Posted by: The ocean update | April 17, 2015

Dolphins and turtles at risk from oil spill off Canary Islands holiday beaches (Spain)

Environmental disaster : the ship poses a significant threat

Environmental disaster : the ship poses a significant threat

April 17th, 2015. A Russian fishing vessel is leaking oil into the sea after it caught fire and was towed out of the port

Coastguards are battling to contain a four-mile oil slick off beaches on the Canary Islands.

The oil is spewing from a Russian fishing vessel carrying 1,409 tons of fuel.

Environmentalist group criticised authorities for towing the burning fishing vessel out to sea after it caught fire in Las Palmas port early on Sunday.

Spain has launched an investigation into why the ship was taken out of the port and sunk, as oil spills can be harder to contain in the open sea.

The Oleg Naydenov sank 15 nautical miles south of Gran Canaria. Television images showed oil floating on the water.

Spain has sent three tugboats and two light aircraft to control the leak, Public Works Minister Ana Pastor told reporters. Experts were trying to locate a robot which could dive 2.4 kilometres deep to inspect the wreck.

The state prosecutor for the Canary Islands has started an investigation into the circumstances surrounding the sinking, a government spokesman said. The waters to the south of the islands are populated by turtles and dolphins.

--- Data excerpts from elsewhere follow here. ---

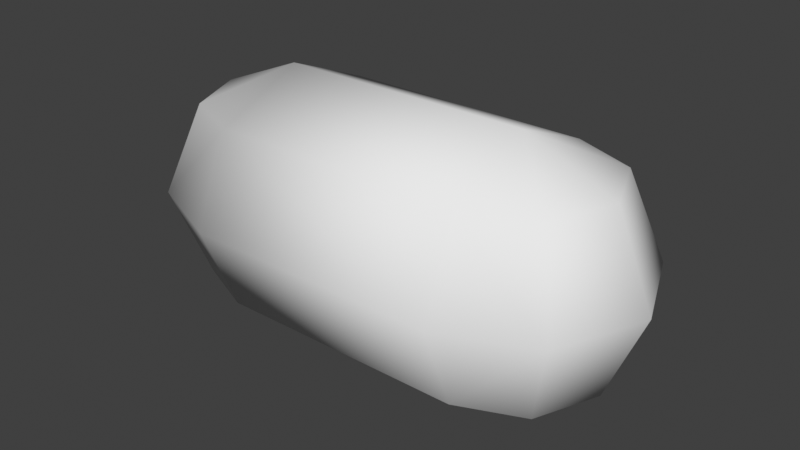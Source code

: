 # Source: monster_arm_segment.blend  (saved by Blender 3.0.42; exported with 4.5.12 LTS)
import bpy
from mathutils import Matrix  # noqa: F401  (used for matrix-valued properties, if any)

bpy.ops.wm.read_factory_settings(use_empty=True)
scene = bpy.context.scene
scene.name = 'Scene'

# ---- collections
col_collection = bpy.data.collections.new('Collection'); scene.collection.children.link(col_collection)

# ---- world
world_world = bpy.data.worlds.new('World'); scene.world = world_world
world_world.use_nodes = True; world_world.node_tree.nodes.clear()
_N = world_world.node_tree.nodes; _L = world_world.node_tree.links
n0 = _N.new('ShaderNodeOutputWorld'); n0.name = 'World Output'; n0.location = (300, 300)
n1 = _N.new('ShaderNodeBackground'); n1.name = 'Background'; n1.location = (10, 300)
n1.inputs[0].default_value = (0.05088, 0.05088, 0.05088, 1.0)
_L.new(n1.outputs[0], n0.inputs[0])
n0.is_active_output = True
world_world.color = (0.05088, 0.05088, 0.05088)
world_world.use_sun_shadow = False
world_world.sun_shadow_jitter_overblur = 0.0

# ---- meshes
me_cylinder = bpy.data.meshes.new('Cylinder')
me_cylinder.from_pydata([(0.001861, 0.5072, -0.4995), (0.001769, 0.5093, 0.5012), (0.3554, 0.3607, -0.4995), (0.3553, 0.3629, 0.5012), (0.5019, 0.007167, -0.4995), (0.5018, 0.009308, 0.5012), (0.3554, -0.3464, -0.4995), (0.3553, -0.3442, 0.5012), (0.001861, -0.4928, -0.4995), (0.001769, -0.4907, 0.5012), (-0.3517, -0.3464, -0.4995), (-0.3518, -0.3442, 0.5012), (-0.4981, 0.007167, -0.4995), (-0.4982, 0.009308, 0.5012), (-0.3517, 0.3607, -0.4995), (-0.3518, 0.3629, 0.5012), (-0.3511, 0.2636, 0.7519), (0.00244, 0.3672, 0.8555), (0.356, 0.2636, 0.7519), (-0.3511, 0.01363, 0.8555), (0.00244, 0.01363, 1.002), (0.356, 0.01363, 0.8555), (-0.3511, -0.2364, 0.7519), (0.00244, -0.3399, 0.8555), (0.356, -0.2364, 0.7519), (-0.3509, -0.2406, -0.7495), (0.002625, -0.3442, -0.853), (0.3562, -0.2406, -0.7495), (-0.3509, 0.009353, -0.853), (0.002625, 0.009353, -0.9995), (0.3562, 0.009353, -0.853), (-0.3509, 0.2594, -0.7495), (0.002625, 0.3629, -0.853), (0.3562, 0.2594, -0.7495)], [], [(0, 1, 3, 2), (2, 3, 5, 4), (4, 5, 7, 6), (6, 7, 9, 8), (8, 9, 11, 10), (10, 11, 13, 12), (3, 1, 15, 13, 11, 9, 7, 5), (12, 13, 15, 14), (14, 15, 1, 0), (0, 2, 4, 6, 8, 10, 12, 14), (15, 13, 16), (5, 3, 18), (1, 15, 16, 17), (3, 1, 17, 18), (5, 18, 21), (17, 16, 19, 20), (18, 17, 20, 21), (16, 13, 19), (5, 21, 24), (20, 19, 22, 23), (21, 20, 23, 24), (19, 13, 22), (22, 13, 11), (5, 24, 7), (23, 22, 11, 9), (24, 23, 9, 7), (8, 10, 25, 26), (6, 8, 26, 27), (10, 12, 25), (4, 6, 27), (25, 12, 28), (27, 26, 29, 30), (26, 25, 28, 29), (4, 27, 30), (28, 12, 31), (30, 29, 32, 33), (29, 28, 31, 32), (4, 30, 33), (31, 12, 14), (33, 32, 0, 2), (32, 31, 14, 0), (4, 33, 2)])
me_cylinder.polygons.foreach_set('use_smooth', [True] * 42)
_uv = me_cylinder.uv_layers.new(name='UVMap')
_uv.uv.foreach_set('vector', [1.0, 0.5, 1.0, 1.0, 0.875, 1.0, 0.875, 0.5, 0.875, 0.5, 0.875, 1.0, 0.75, 1.0, 0.75, 0.5, 0.75, 0.5, 0.75, 1.0, 0.625, 1.0, 0.625, 0.5, 0.625, 0.5, 0.625, 1.0, 0.5, 1.0, 0.5, 0.5, 0.5, 0.5, 0.5, 1.0, 0.375, 1.0, 0.375, 0.5, 0.375, 0.5, 0.375, 1.0, 0.25, 1.0, 0.25, 0.5, 0.4197, 0.4197, 0.25, 0.49, 0.08029, 0.4197, 0.01, 0.25, 0.08029, 0.08029, 0.25, 0.01, 0.4197, 0.08029, 0.49, 0.25, 0.25, 0.5, 0.25, 1.0, 0.125, 1.0, 0.125, 0.5, 0.125, 0.5, 0.125, 1.0, 0.0, 1.0, 0.0, 0.5, 0.75, 0.49, 0.9197, 0.4197, 0.99, 0.25, 0.9197, 0.08029, 0.75, 0.01, 0.5803, 0.08029, 0.51, 0.25, 0.5803, 0.4197, 0.75, 0.75, 0.6875, 1.0, 0.625, 0.75, 0.6875, 0.0, 0.75, 0.25, 0.625, 0.25, 0.75, 0.5, 0.75, 0.75, 0.625, 0.75, 0.625, 0.5, 0.75, 0.25, 0.75, 0.5, 0.625, 0.5, 0.625, 0.25, 0.5625, 0.0, 0.625, 0.25, 0.5, 0.25, 0.625, 0.5, 0.625, 0.75, 0.5, 0.75, 0.5, 0.5, 0.625, 0.25, 0.625, 0.5, 0.5, 0.5, 0.5, 0.25, 0.625, 0.75, 0.5625, 1.0, 0.5, 0.75, 0.4375, 0.0, 0.5, 0.25, 0.375, 0.25, 0.5, 0.5, 0.5, 0.75, 0.375, 0.75, 0.375, 0.5, 0.5, 0.25, 0.5, 0.5, 0.375, 0.5, 0.375, 0.25, 0.5, 0.75, 0.4375, 1.0, 0.375, 0.75, 0.375, 0.75, 0.3125, 1.0, 0.25, 0.75, 0.3125, 0.0, 0.375, 0.25, 0.25, 0.25, 0.375, 0.5, 0.375, 0.75, 0.25, 0.75, 0.25, 0.5, 0.375, 0.25, 0.375, 0.5, 0.25, 0.5, 0.25, 0.25, 0.25, 0.5, 0.25, 0.75, 0.125, 0.75, 0.125, 0.5, 0.25, 0.25, 0.25, 0.5, 0.125, 0.5, 0.125, 0.25, 0.25, 0.75, 0.1875, 1.0, 0.125, 0.75, 0.1875, 0.0, 0.25, 0.25, 0.125, 0.25, 0.125, 0.75, 0.0625, 1.0, 0.0, 0.75, 0.125, 0.25, 0.125, 0.5, 0.0, 0.5, 0.0, 0.25, 0.125, 0.5, 0.125, 0.75, 0.0, 0.75, 0.0, 0.5, 0.0625, 0.0, 0.125, 0.25, 0.0, 0.25, 1.0, 0.75, 0.9375, 1.0, 0.875, 0.75, 1.0, 0.25, 1.0, 0.5, 0.875, 0.5, 0.875, 0.25, 1.0, 0.5, 1.0, 0.75, 0.875, 0.75, 0.875, 0.5, 0.9375, 0.0, 1.0, 0.25, 0.875, 0.25, 0.875, 0.75, 0.8125, 1.0, 0.75, 0.75, 0.875, 0.25, 0.875, 0.5, 0.75, 0.5, 0.75, 0.25, 0.875, 0.5, 0.875, 0.75, 0.75, 0.75, 0.75, 0.5, 0.8125, 0.0, 0.875, 0.25, 0.75, 0.25])
me_cylinder.use_remesh_fix_poles = True
me_cylinder.use_remesh_preserve_attributes = False
me_cylinder.update()

# ---- objects
ob_cylinder = bpy.data.objects.new('Cylinder', me_cylinder)

# ---- transforms, parenting, visibility, modifiers, constraints
ob_cylinder.location = (0.0, 0.0, 0.0)
ob_cylinder.rotation_euler = (-0.0, 1.571, 0.0)
_m = ob_cylinder.modifiers.new('Triangulate', 'TRIANGULATE')

# ---- collection membership
col_collection.objects.link(ob_cylinder)

# ---- scene / render settings (as saved in the file)
scene.frame_start = 1; scene.frame_end = 250; scene.frame_set(1)
scene.render.engine = 'BLENDER_EEVEE_NEXT'
scene.cycles.sampling_pattern = 'TABULATED_SOBOL'
scene.cycles.use_light_tree = False
scene.view_settings.view_transform = 'Standard'
bpy.context.view_layer.update()

# ---- added for rendering (the .blend has no active camera and no usable light): camera, sun
cam_auto = bpy.data.cameras.new('AutoCamera')
cam_auto.lens = 50.0
cam_auto.sensor_width = 36.0
cam_auto.clip_end = 1000.0
ob_auto_camera = bpy.data.objects.new('AutoCamera', cam_auto)
scene.collection.objects.link(ob_auto_camera)
ob_auto_camera.location = (2.26944, -2.71362, 1.81275)
ob_auto_camera.rotation_euler = (1.09748, -7.21219e-08, 0.694738)
scene.camera = ob_auto_camera
light_auto_sun = bpy.data.lights.new('AutoSun', 'SUN')
light_auto_sun.energy = 3.0
light_auto_sun.angle = 0.0523599
ob_auto_sun = bpy.data.objects.new('AutoSun', light_auto_sun)
scene.collection.objects.link(ob_auto_sun)
ob_auto_sun.rotation_euler = (0.872665, 0.174533, 0.523599)
bpy.context.view_layer.update()

The accident stirred memories of Spain’s worst environmental disaster when the Prestige oil tanker sank off the northwestern coast of Spain in 2002.

The Prestige was carrying over 50 times more oil than the Oleg Naydenov, but Greenpeace said the Russian ship nevertheless posed a significant threat.

“The hull and tanks of a ship in such bad condition could already be breaking up under the kind of pressure found at such depths,” the group said in a statement.

Oil spills can be harder to contain in the open sea and environmentalists recommend damaged ships are dealt with in ports or bays.

The area where the ship had sunk had deep-sea coral and a significant population of bottle-nosed dolphins.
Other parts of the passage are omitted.